India, Russia, and Brazil isn't the target market for people like Schneier. If
you narrow the market to the US, Statista reports that Telegram has twice as
many users in the US as Viber.

I'm from one of those countries where Viber is hugely popular (by far more
popular than WhatsApp and Telegram), and I hate it with passion. Kind of like
Telegram, its end-to-end encryption was also home-made last time I've checked,
but at least it's turned on by default.

------
newscracker
Telegram is a fantastic app and platform in the IM/chat space. The feature
set, speed and pace of development are far ahead of any others I've seen.
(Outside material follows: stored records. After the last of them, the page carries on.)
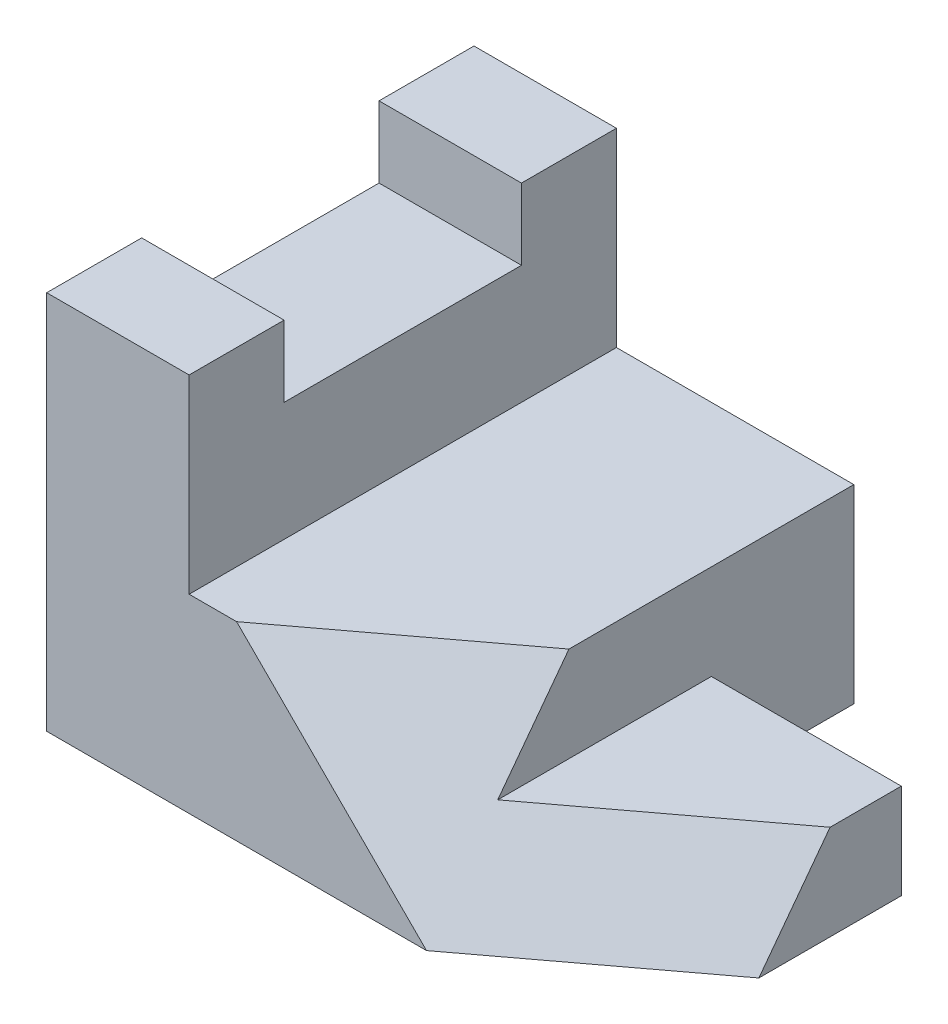
SolidWorks part; units mm, degrees
ref_plane "Front Plane" through (0, 0, 0) normal (0, 0, 1) x (1, 0, 0)
ref_plane "Top Plane" through (0, 0, 0) normal (0, 1, 0) x (1, 0, 0)
ref_plane "Right Plane" through (0, 0, 0) normal (1, 0, 0) x (0, 0, -1)
sketch "Sketch1" plane through (0, 0, 0) normal (1, 0, 0) x (0, 0, -1)
  line L1 (-57.15, 0) -> (0, 0)
  line L2 (-57.15, 0) -> (-57.15, 25.4)
  line L3 (-57.15, 25.4) -> (0, 25.4)
  line L4 (0, 0) -> (0, 25.4)
  dimension "D1" = 57.15
  dimension "D2" = 25.4
extrude "Boss-Extrude1" add sketch "Sketch1" against normal blind 57.15
sketch "Sketch2" plane through (0, 25.4, 0) normal (0, 1, 0) x (1, 0, 0)
  line L1 (0, 0) -> (-25.4, 0)
  line L2 (0, 0) -> (0, -19.05)
  line L3 (0, -19.05) -> (-25.4, -19.05)
  line L4 (-25.4, 0) -> (-25.4, -19.05)
  dimension "D1" = 19.05
  dimension "D2" = 25.4
extrude "Cut-Extrude1" cut sketch "Sketch2" against normal through all
sketch "Sketch3" plane through (0, 0, 0) normal (1, 0, 0) x (0, 0, -1)
  line L0 (-38.1, 0) -> (-19.05, 25.4) construction
  line L1 (-57.15, 0) -> (-19.05, 0) construction
  dimension "D1" = 19.05
sketch "Sketch4" plane through (0, 0, 57.15) normal (0, 0, 1) x (1, 0, 0)
  line L0 (-25.4, 0) -> (-50.8, 25.4) construction
  line L1 (-57.15, 0) -> (0, 0) construction
  line L2 (-57.15, 25.4) -> (0, 25.4) construction
  line M1 (0, 0) -> (0, 25.4)
  line M2 (0, 25.4) -> (-57.15, 25.4)
  line M4 (-57.15, 0) -> (0, 0)
  dimension "D1" = 6.35
  dimension "D2" = 31.75
sketch "Sketch7" plane through (0, 25.4, 0) normal (0, 1, 0) x (1, 0, 0)
  line L0 (-50.8, -57.15) -> (0, -19.05)
extrude "Cut-Extrude3" cut sketch "Sketch4" along direction (0.8, 0, -0.6) on the side against the normal through all contours L0 M4 M1 M2
sketch "Sketch6" plane through (-57.15, 0, 0) normal (-1, 0, 0) x (0, 0, 1)
  line L0 (0, 0) -> (0, 50.8)
  line L1 (0, 50.8) -> (12.7, 50.8)
  line L2 (12.7, 50.8) -> (12.7, 41.275)
  line L3 (0, 25.4) -> (57.15, 25.4) construction
  line L4 (12.7, 41.275) -> (44.45, 41.275)
  line L5 (28.575, 25.4) -> (28.575, 0) construction
  line L6 (57.15, 0) -> (0, 0) construction
  line L7 (0, 0) -> (57.15, 0)
  line L8 (44.45, 50.8) -> (44.45, 41.275)
  line L9 (57.15, 50.8) -> (44.45, 50.8)
  line L10 (57.15, 0) -> (57.15, 50.8)
  point P14 (28.575, 41.275)
  dimension "D1" = 28.575
  dimension "D2" = 9.525
  dimension "D3" = 50.8
  dimension "D4" = 15.875
extrude "Boss-Extrude2" add sketch "Sketch6" along normal blind 19.05
sketch "Sketch8" plane through (0, 25.4, 0) normal (0, 1, 0) x (1, 0, 0)
  line L1 (-25.4, -19.05) -> (0, -19.05)
  line L2 (-25.4, -19.05) -> (-25.4, -95.25)
  line L3 (-25.4, -95.25) -> (0, -95.25)
  line L4 (0, -19.05) -> (0, -95.25)
  dimension "D1" = 76.2
extrude "Cut-Extrude4" cut sketch "Sketch8" against normal blind 12.7
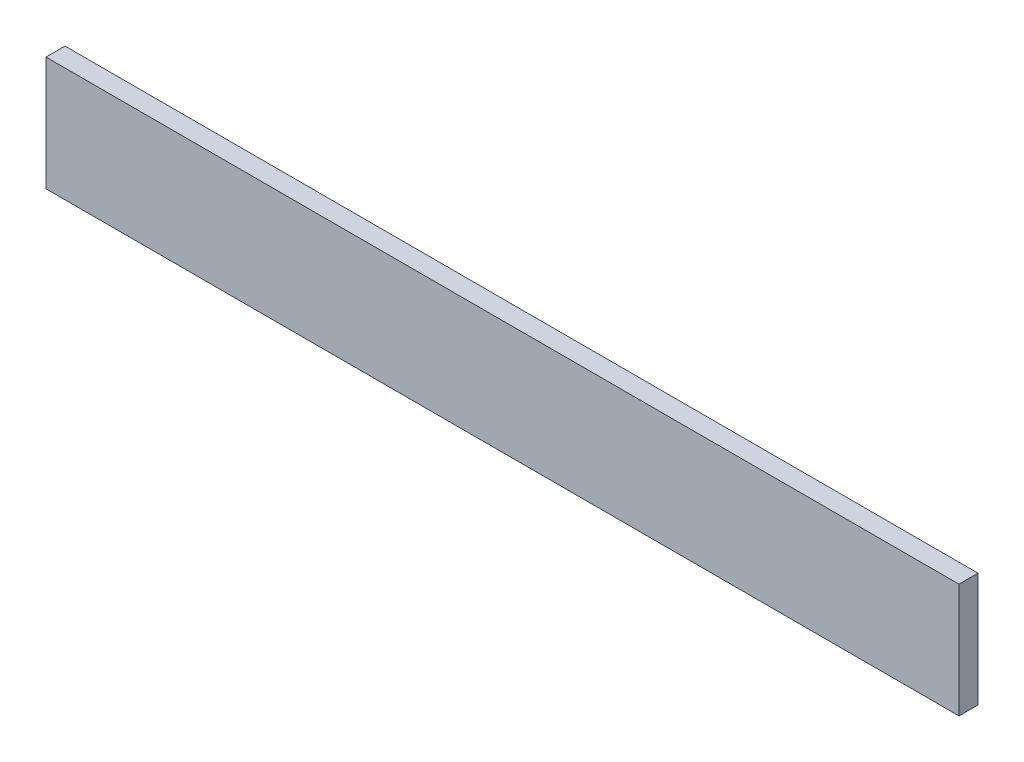
SolidWorks part; units mm, degrees
ref_plane "Front Plane" through (0, 0, 0) normal (0, 0, 1) x (1, 0, 0)
ref_plane "Top Plane" through (0, 0, 0) normal (0, 1, 0) x (1, 0, 0)
ref_plane "Right Plane" through (0, 0, 0) normal (1, 0, 0) x (0, 0, -1)
sketch "Sketch1" plane through (0, 0, 0) normal (0, 0, 1) x (1, 0, 0)
  line L1 (0, 0) -> (304.8, 0)
  line L2 (0, 0) -> (0, 38.1)
  line L3 (0, 38.1) -> (304.8, 38.1)
  line L4 (304.8, 0) -> (304.8, 38.1)
  dimension "D1" = 38.1
  dimension "D2" = 304.8
extrude "Boss-Extrude1" add sketch "Sketch1" along normal blind 6.35

The fact that its default chats are not end-to-end encrypted and are stored in
plaintext on its servers is a concern. Everyone who talks about this as a huge
deficiency should also consider that this applies to email too, unless one
always uses encryption (like GPG/PGP or S/MIME). Sharing personal photos and
such may have shifted from emails and websites to chat platforms, but email is
still a place where the most sensitive of information tends to be exchanged.
That said, the UX of end-to-end email encryption in a federated and widespread
way is not yet a solved problem (without kludges, like for example, hosting
the encrypted email on a site and sending the link across if the email is sent
to a user on another provider), whereas key end-to-end encryption on chat apps
is a (mostly/completely?) solved problem.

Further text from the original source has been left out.